Calculating logp is always going to be slower [citation needed] than taking random draws, which is what sample_posterior_predictive does. Iterating over the trace is not so bad, just make sure you cache the logp function. Everytime you call testmodel.datalogpt.eval() it is compiling the same function again.

You might want to try something like this (assuming you aren’t doing it already):

datalogp_fn = testmodel.fastfn(testmodel.datalogpt)
flattened_trace_numpy = ...
logp = [datalogp_fn({"a": trace_value}) for trace_value in flattened_trace_numpy]

Apologies for the broken pseudo-code.

Ah thank you, it’s good to get a confirmation that I’m not missing something obvious. I have a related question about dealing with variables here, namely:

In the current version I am using testmodel.datalogpt.eval, and therefore I can pass a dictionary containing the untransformed variables as keys and their values at the point of interest as arguments (in the test model above there’s no transformed variable but there are some in the model I want to use this for).

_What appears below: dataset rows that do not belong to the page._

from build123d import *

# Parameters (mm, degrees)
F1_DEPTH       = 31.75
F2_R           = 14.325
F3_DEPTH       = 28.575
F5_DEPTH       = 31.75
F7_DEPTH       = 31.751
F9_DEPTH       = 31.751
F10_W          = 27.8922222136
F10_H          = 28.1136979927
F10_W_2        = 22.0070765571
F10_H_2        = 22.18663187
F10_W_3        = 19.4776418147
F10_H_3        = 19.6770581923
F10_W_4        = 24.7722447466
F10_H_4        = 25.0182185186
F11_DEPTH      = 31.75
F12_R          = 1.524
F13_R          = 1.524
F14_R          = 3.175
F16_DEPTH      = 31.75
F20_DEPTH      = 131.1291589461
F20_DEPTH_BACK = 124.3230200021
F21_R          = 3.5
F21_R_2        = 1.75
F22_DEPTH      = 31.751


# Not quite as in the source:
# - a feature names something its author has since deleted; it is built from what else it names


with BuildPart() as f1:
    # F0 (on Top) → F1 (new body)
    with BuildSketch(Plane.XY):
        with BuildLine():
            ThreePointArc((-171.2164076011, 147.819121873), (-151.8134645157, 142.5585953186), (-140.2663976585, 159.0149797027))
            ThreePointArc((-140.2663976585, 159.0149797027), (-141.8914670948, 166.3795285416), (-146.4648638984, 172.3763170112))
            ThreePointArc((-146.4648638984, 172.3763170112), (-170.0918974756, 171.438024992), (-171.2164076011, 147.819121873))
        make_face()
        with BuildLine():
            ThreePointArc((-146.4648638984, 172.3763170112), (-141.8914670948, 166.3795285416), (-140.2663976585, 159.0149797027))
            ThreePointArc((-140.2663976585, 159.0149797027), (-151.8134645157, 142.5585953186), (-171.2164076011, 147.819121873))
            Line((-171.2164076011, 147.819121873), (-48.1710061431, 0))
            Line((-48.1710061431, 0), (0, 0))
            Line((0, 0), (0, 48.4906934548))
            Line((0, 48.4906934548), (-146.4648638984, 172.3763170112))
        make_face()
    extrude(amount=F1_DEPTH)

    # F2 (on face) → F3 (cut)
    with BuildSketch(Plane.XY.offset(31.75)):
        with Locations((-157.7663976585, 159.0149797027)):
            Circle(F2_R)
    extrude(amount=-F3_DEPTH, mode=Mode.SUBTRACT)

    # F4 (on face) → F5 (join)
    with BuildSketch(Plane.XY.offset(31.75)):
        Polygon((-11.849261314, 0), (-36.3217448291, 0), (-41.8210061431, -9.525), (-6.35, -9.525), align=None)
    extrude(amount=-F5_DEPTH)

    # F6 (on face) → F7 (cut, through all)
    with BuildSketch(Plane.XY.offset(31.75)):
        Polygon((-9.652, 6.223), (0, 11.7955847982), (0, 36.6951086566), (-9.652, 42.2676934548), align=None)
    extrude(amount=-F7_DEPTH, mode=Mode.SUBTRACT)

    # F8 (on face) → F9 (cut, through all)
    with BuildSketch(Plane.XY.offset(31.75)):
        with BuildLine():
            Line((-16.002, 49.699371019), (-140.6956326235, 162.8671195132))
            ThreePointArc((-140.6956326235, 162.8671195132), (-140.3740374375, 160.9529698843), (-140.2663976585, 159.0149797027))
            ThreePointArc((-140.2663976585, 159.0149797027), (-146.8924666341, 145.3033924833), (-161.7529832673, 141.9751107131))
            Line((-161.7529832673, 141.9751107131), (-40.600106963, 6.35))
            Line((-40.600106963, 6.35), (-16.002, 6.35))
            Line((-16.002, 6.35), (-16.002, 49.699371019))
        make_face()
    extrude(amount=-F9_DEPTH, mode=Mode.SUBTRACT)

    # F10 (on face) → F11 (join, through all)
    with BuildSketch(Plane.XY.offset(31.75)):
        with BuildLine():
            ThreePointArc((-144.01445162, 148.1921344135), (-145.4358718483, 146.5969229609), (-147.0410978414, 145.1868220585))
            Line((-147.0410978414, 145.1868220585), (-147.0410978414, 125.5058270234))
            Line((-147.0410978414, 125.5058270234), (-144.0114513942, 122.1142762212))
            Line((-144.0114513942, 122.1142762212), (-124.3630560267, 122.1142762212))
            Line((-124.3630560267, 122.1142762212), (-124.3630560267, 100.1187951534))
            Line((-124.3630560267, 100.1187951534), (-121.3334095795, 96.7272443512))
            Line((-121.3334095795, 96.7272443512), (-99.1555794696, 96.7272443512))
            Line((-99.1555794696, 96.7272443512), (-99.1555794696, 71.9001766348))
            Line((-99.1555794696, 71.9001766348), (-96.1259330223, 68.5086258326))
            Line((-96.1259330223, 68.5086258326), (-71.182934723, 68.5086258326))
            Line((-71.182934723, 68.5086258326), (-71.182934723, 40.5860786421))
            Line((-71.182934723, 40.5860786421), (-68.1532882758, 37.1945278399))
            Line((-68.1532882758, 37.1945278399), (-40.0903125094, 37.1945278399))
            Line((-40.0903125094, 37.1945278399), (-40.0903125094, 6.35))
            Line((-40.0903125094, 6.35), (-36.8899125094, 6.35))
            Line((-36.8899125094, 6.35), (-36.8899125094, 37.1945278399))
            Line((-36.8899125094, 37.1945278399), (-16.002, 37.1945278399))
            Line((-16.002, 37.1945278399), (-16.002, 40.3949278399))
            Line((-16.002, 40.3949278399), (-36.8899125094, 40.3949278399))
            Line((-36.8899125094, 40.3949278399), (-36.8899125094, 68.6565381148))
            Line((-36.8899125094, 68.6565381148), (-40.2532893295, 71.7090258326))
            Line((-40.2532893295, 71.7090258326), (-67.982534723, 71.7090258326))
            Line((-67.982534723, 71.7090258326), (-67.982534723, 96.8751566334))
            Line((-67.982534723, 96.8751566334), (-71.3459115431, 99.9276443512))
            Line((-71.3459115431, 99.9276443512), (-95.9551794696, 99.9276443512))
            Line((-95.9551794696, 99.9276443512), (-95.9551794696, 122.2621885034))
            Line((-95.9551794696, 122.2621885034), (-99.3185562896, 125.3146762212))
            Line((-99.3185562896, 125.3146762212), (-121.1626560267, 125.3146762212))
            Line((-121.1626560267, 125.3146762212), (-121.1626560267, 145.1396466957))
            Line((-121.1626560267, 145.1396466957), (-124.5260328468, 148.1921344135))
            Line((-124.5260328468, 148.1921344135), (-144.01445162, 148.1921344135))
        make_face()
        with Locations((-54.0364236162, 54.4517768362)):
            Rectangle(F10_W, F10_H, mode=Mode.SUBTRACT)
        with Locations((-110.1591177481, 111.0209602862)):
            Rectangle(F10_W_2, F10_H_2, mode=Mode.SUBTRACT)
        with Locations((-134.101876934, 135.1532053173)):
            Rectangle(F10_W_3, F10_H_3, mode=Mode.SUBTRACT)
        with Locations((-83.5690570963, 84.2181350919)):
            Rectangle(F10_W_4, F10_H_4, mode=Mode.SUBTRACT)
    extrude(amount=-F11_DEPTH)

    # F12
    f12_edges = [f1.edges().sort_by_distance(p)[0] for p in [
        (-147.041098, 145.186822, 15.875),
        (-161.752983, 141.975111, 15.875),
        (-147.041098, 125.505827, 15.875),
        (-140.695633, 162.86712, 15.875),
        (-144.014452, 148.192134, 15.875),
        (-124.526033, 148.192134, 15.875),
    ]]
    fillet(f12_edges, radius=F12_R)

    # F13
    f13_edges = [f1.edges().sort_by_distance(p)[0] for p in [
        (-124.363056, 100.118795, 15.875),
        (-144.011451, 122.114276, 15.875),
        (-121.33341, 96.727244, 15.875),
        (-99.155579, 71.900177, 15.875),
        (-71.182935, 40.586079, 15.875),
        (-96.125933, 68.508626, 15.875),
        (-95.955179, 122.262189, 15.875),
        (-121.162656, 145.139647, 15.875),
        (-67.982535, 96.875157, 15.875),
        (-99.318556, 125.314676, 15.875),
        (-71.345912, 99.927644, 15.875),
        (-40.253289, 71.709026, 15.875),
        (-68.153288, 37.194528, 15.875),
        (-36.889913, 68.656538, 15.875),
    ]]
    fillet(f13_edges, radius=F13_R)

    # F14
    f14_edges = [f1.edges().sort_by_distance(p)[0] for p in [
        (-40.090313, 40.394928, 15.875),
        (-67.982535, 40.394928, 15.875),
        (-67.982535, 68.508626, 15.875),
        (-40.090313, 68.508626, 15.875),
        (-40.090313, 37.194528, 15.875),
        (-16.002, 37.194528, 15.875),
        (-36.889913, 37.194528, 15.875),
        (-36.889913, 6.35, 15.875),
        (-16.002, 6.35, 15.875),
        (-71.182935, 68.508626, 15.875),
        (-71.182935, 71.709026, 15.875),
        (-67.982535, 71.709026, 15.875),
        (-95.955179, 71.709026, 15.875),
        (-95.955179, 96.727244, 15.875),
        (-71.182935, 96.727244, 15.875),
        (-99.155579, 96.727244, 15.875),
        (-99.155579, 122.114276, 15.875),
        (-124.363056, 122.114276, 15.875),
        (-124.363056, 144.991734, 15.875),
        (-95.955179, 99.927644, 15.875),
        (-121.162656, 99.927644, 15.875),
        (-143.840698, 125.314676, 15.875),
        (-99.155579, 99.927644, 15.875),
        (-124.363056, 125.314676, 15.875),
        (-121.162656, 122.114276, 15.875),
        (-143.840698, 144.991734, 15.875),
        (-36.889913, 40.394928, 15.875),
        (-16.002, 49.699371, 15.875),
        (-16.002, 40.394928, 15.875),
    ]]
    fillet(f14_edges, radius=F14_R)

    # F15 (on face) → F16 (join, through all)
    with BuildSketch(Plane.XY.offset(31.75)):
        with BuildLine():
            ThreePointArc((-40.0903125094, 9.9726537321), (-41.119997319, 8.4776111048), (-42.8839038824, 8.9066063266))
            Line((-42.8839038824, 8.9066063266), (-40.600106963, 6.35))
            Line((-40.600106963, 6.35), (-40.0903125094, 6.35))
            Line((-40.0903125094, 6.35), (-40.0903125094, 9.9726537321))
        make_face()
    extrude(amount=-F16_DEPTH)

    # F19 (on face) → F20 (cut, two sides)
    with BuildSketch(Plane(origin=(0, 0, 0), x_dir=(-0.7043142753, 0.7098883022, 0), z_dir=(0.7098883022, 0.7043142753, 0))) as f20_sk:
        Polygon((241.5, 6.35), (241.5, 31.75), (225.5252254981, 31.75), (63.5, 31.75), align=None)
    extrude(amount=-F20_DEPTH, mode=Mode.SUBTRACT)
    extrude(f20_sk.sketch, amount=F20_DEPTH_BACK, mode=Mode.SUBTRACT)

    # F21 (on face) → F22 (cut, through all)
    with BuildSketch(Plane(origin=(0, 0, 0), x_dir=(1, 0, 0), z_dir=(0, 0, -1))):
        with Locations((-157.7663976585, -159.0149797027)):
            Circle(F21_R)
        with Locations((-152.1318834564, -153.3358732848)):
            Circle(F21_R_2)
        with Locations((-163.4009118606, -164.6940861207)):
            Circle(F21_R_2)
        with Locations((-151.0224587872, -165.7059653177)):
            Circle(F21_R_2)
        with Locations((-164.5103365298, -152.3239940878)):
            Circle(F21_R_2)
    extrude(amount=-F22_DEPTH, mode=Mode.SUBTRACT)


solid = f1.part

Therefore, I can

  • Get the trace with trace_ = pm.util.dataset_to_point_dict(testtrace.posterior)
  • Convert the keys from variable names to actual variables. For each point index i run: {testmodel.named_vars[key]: value for key, value in trace_[i].items()}
  • Feed each point to testmodel.datalogpt.eval.

However, if I use testmodel.fastfn(testmodel.datalogpt), the resulting function needs a dictionary with the transformed variable names as keys and the transformed values for the point of interest as arguments. I was wondering if there is a nice simple way / already implemented function to transform a dictionary with untransformed variables and their values to the corresponding transformed variables and values.

Thank you again for all the help!

Perhaps @junpenglao knows this? I am a bit out of touch with PyMC V3, so I don’t know it from the top of my head.

Also a little additional problem: Changing the line where a is defined to a = pm.HalfNormal('a') to get a transformed variable, and then running datalogp_fn = testmodel.fastfn(testmodel.datalogpt), it raises an error saying TypeError: Unknown input or state: a. The function has 2 named inputs (a_log__, dataset). So it looks like now the resulting function also requires the observed data, in contrast to the function with the initial model that only required a.